The lad stood before Durbeyfield, and contemplated his length from crown to toe.

`Sir John d'Urberville - that's who I am,' continued the prostrate man. 'That is if knights were baronets - which they be. 'Tis recorded in history all about me. Dost know of such a place, lad, as Kingsbere-sub-Greenhill?'

`Ees. I've been there to Greenhill Fair.'

`Well, under the church of that city there lie--'

`'Tisn't a city, the place I mean; leastwise 'twaddn' when I was there--'twas a little one-eyed, blinking sort o' place.'

`Never you mind the place, boy, that's not the question before us. Under the church of that there parish lie my ancestors - hundreds of 'em - in coats of mail and Jewels, in gr't lead coffins weighing tons and tons. There's not a man in the county o' South-Wessex that's got grander and nobler skillentons in his family than I.'

`Oh?'

`Now take up that basket, and goo on to Marlott, and when you've come to The Pure Drop Inn, tell 'em to send a horse and carriage to me immediately, to carry me hwome. And in the bottom o' the carriage they be to put a noggin o' rum in a small bottle, and chalk it up to my account. And when you've done that goo on to my house with the basket, and tell my wife to put away that washing, because she needn't finish it, and wait till I come hwome, as I've news to tell her.'

As the lad stood in a dubious attitude, Durbeyfield put his hand in his pocket, and produced a shilling, one of the chronically few that he possessed.

`Here's for your labour, lad.'

This made a difference in the young man's estimate of the position.

`Yes, Sir John. Thank 'ee. Anything else I can do for 'ee, Sir John?'

`Tell 'em at hwome that I should like for supper, - well, lamb's fry if they can get it; and if they can't, black-pot; and if they can't get that, well, chitterlings will do.'

`Yes, Sir John.'

The boy took up the basket, and as he set out the notes of a brass band were heard from the direction of the village.
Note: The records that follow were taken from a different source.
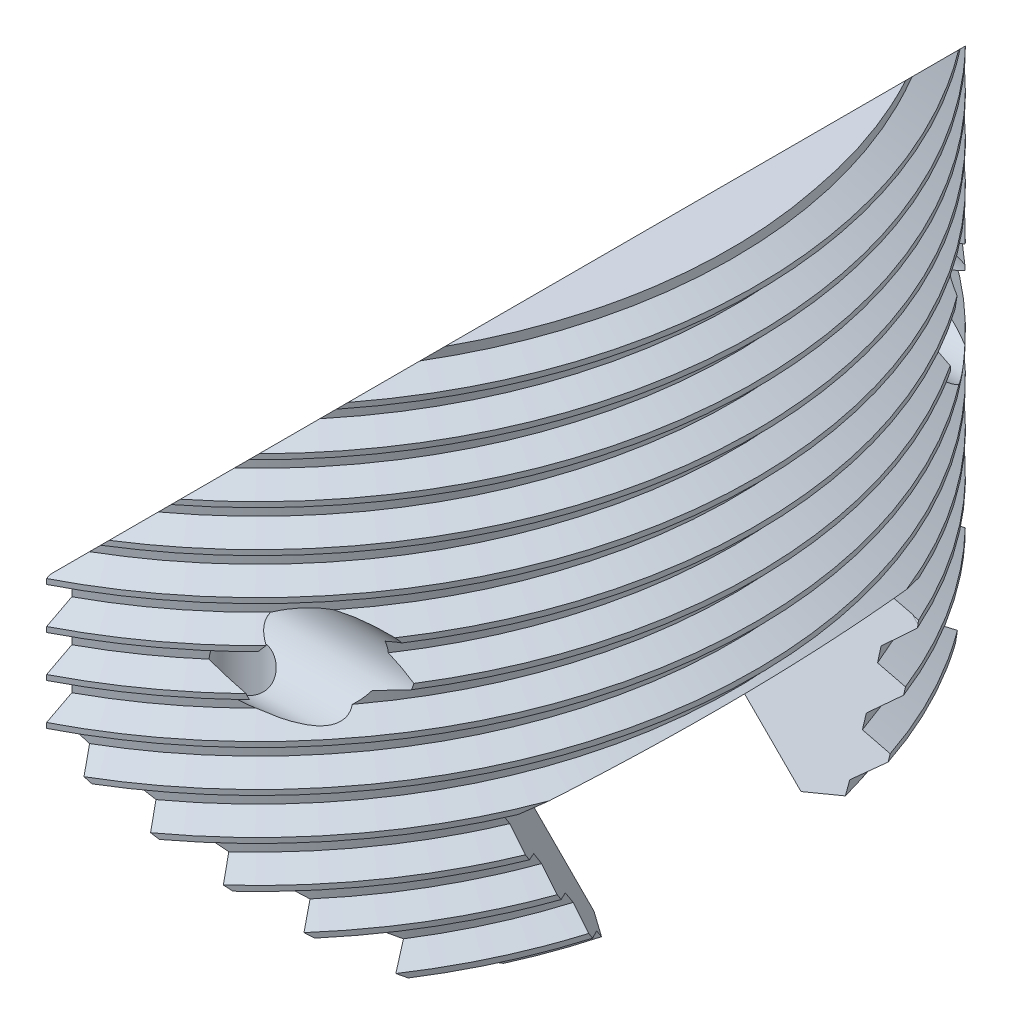
from build123d import *

# Parameters (mm, degrees)
SKETCH1_R                   = 25
BOSS_EXTRUDE1_DEPTH         = 28
THREAD1_PITCH               = 2.116666667
CUT_EXTRUDE1_DEPTH          = 47.86683315
CUT_EXTRUDE1_DEPTH_BACK     = 47.86683315
CUT_EXTRUDE2_DEPTH          = 28
CUT_EXTRUDE2_TAPER          = -30
TAP_DRILL_FOR_M5X0_8_TAP2_D = 4.2
CUT_EXTRUDE3_DEPTH          = 44.737856023
CUT_EXTRUDE3_DEPTH_BACK     = 44.737856023
SKETCH28_R                  = 1.5875
SKETCH29_R                  = 2.38125
CUT_EXTRUDE4_DEPTH          = 10
SKETCH30_R                  = 2.38125
CUT_EXTRUDE5_DEPTH          = 10


with BuildPart() as part:
    # Sketch1 → Boss-Extrude1 (new body)
    with BuildSketch(Plane(origin=(0, 0, 0), x_dir=(1, 0, 0), z_dir=(0, 1, 0))):
        with Locations(Location((0, 0, 0), (0, 0, 270))):
            Circle(SKETCH1_R)
    extrude(amount=BOSS_EXTRUDE1_DEPTH)

    # Thread1: the profile of Thread Profile1 profile screwed along a right-hand helix of 15.590551 turns, 10 arcs to a turn; built about Z, then put on its axis
    thread1_z = Axis((0, 0, 0), (0, 0, 1))
    thread1_corners = [(25.0003, 0, -0.000173205), (25.0003, 0, 1.852256533), (23.854320565, 0, 1.190624997), (23.854320565, 0, 0.66145833)]
    with BuildLine(mode=Mode.PRIVATE) as thread1_profile:
        Line(thread1_corners[0], thread1_corners[1])
        Line(thread1_corners[1], thread1_corners[2])
        Line(thread1_corners[2], thread1_corners[3])
        Line(thread1_corners[3], thread1_corners[0])
    thread1_cap = Face(thread1_profile.wire())
    thread1_turn_angles = [0, 18, 36, 54, 72, 90, 108, 126, 144, 162, 180, 198, 216, 234, 252, 270, 288, 306, 324, 342, 360]
    thread1_turn_weights = [1, 0.9510565162951535, 1, 0.9510565162951535, 1, 0.9510565162951535, 1, 0.9510565162951535, 1, 0.9510565162951535, 1, 0.9510565162951535, 1, 0.9510565162951535, 1, 0.9510565162951535, 1, 0.9510565162951535, 1, 0.9510565162951535, 1]
    thread1_turn_rails = [Edge.make_bspline([Vector(p[0], p[1], 0).rotate(thread1_z, thread1_turn_angles[k]) / thread1_turn_weights[k] + Vector(0, 0, p[2] + THREAD1_PITCH * thread1_turn_angles[k] / 360) for k in range(21)], [0, 0, 0, 1, 1, 2, 2, 3, 3, 4, 4, 5, 5, 6, 6, 7, 7, 8, 8, 9, 9, 10, 10, 10], 2, thread1_turn_weights) for p in thread1_corners]
    thread1_turn_sides = [Face.make_surface_from_curves(thread1_turn_rails[p[0]], thread1_turn_rails[p[1]]) for p in [(0, 1), (1, 2), (2, 3), (3, 0)]]
    thread1_last_angles = [5400, 5418, 5436, 5454, 5472, 5490, 5508, 5526, 5544, 5562, 5580, 5596.299212598, 5612.598425197]
    thread1_last_weights = [1, 0.9510565162951535, 1, 0.9510565162951535, 1, 0.9510565162951535, 1, 0.9510565162951535, 1, 0.9510565162951535, 1, 0.9598091490169673, 1]
    thread1_last_rails = [Edge.make_bspline([Vector(p[0], p[1], 0).rotate(thread1_z, thread1_last_angles[k]) / thread1_last_weights[k] + Vector(0, 0, p[2] + THREAD1_PITCH * thread1_last_angles[k] / 360) for k in range(13)], [0, 0, 0, 1, 1, 2, 2, 3, 3, 4, 4, 5, 5, 6, 6, 6], 2, thread1_last_weights) for p in thread1_corners]
    thread1_last_sides = [Face.make_surface_from_curves(thread1_last_rails[p[0]], thread1_last_rails[p[1]]) for p in [(0, 1), (1, 2), (2, 3), (3, 0)]]
    thread1 = Plane(origin=(0, -5, 0), x_dir=(1, 0, 0), z_dir=(0, 1, 0)) * Solid(Shell([*[p.moved(Location((0, 0, THREAD1_PITCH * i))) for i in range(15) for p in thread1_turn_sides], *thread1_last_sides, thread1_cap, thread1_cap.rotate(thread1_z, 5612.598425197).moved(Location((0, 0, THREAD1_PITCH * 5612.598425197 / 360)))]))
    add(thread1, mode=Mode.SUBTRACT)

    # SurfaceCut1
    split(bisect_by=Plane(origin=(11, 0, 0), x_dir=(0, 0, -1), z_dir=(1, 0, 0)), keep=Keep.TOP)

    # SurfaceCut2
    split(bisect_by=Plane(origin=(10.853553391, 10.853553391, 0), x_dir=(0, 0, -1), z_dir=(0.7071067811865464, 0.7071067811865488, 0)), keep=Keep.TOP)

    # SurfaceCut3
    split(bisect_by=Plane(origin=(-3.5, 3.5, 0), x_dir=(0, 0, 1), z_dir=(0.7071067811865464, -0.7071067811865488, 0)), keep=Keep.TOP)

    # Sketch7 → Cut-Extrude1 (cut, two sides: drawn at the far end of the back side and taken through both)
    with BuildSketch(Plane(origin=(10.5, -10.5, 0), x_dir=(0, 0, -1), z_dir=(0.7071067811865464, -0.7071067811865488, 0)).offset(-CUT_EXTRUDE1_DEPTH_BACK)):
        Polygon((0, 14.849242405), (4.775, 14.849242405), (10.078300859, 20.152543264), (0, 20.152543264), (-10.078300859, 20.152543264), (-4.775, 14.849242405), align=None)
    extrude(amount=CUT_EXTRUDE1_DEPTH + CUT_EXTRUDE1_DEPTH_BACK, mode=Mode.SUBTRACT)

    # Sketch8 → Cut-Extrude2 (cut)
    with BuildSketch(Plane(origin=(21.661382407, -0.126800529, -0.178664239), x_dir=(0.00824223881496715, -0.0009448174842200194, 0.9999655858174514), z_dir=(-0.9999488554797862, 0.005853460375612711, 0.00824763155682153))):
        Polygon((5.453733623, 0.131955631), (10.251176177, 6.850579788), (-9.906250352, 6.996822458), (-4.562128359, 0.204620978), align=None)
    extrude(amount=-CUT_EXTRUDE2_DEPTH, taper=CUT_EXTRUDE2_TAPER, mode=Mode.SUBTRACT)

    # Tap Drill for M5x0.8 Tap2 (through all)
    with Locations(Plane.ZY.offset(-11)):
        with Locations((-16, 14.353553391), (16, 14.353553391)):
            Hole(TAP_DRILL_FOR_M5X0_8_TAP2_D / 2)

    # Sketch28 → Cut-Extrude3 (cut, two sides: drawn at the far end of the back side and taken through both)
    with BuildSketch(Plane(origin=(0, 28, 0), x_dir=(1, 0, 0), z_dir=(0, 1, 0)).offset(-CUT_EXTRUDE3_DEPTH_BACK)):
        with Locations(Location((14, 16, 0), (0, 0, 270))):
            Circle(SKETCH28_R)
        with Locations(Location((14, -16, 0), (0, 0, 270))):
            Circle(SKETCH28_R)
    extrude(amount=CUT_EXTRUDE3_DEPTH + CUT_EXTRUDE3_DEPTH_BACK, mode=Mode.SUBTRACT)

    # Sketch29 → Cut-Extrude4 (cut)
    with BuildSketch(Plane.ZY.offset(-11)):
        with Locations((-16, 14.353553391)):
            Circle(SKETCH29_R)
    extrude(amount=-CUT_EXTRUDE4_DEPTH, mode=Mode.SUBTRACT)

    # Sketch30 → Cut-Extrude5 (cut)
    with BuildSketch(Plane.ZY.offset(-11)):
        with Locations((16, 14.353553391)):
            Circle(SKETCH30_R)
    extrude(amount=-CUT_EXTRUDE5_DEPTH, mode=Mode.SUBTRACT)


solid = part.part

`What's that?' said Durbeyfield. `Not on account o' I?'

`'Tis the women's club-walking, Sir John. Why, your dater is one o' the members.'

`To be sure - I'd quite forgot it in my thoughts of greater things! Well, vamp on to Marlott, will ye, and order that carriage, and maybe I'll drive round and inspect the club.'

The lad departed, and Durbeyfield lay waiting on the grass and daisies in the evening sun. Not a soul passed that way for a long while, and the faint notes of the band were the only human sounds audible within the rim of blue hills.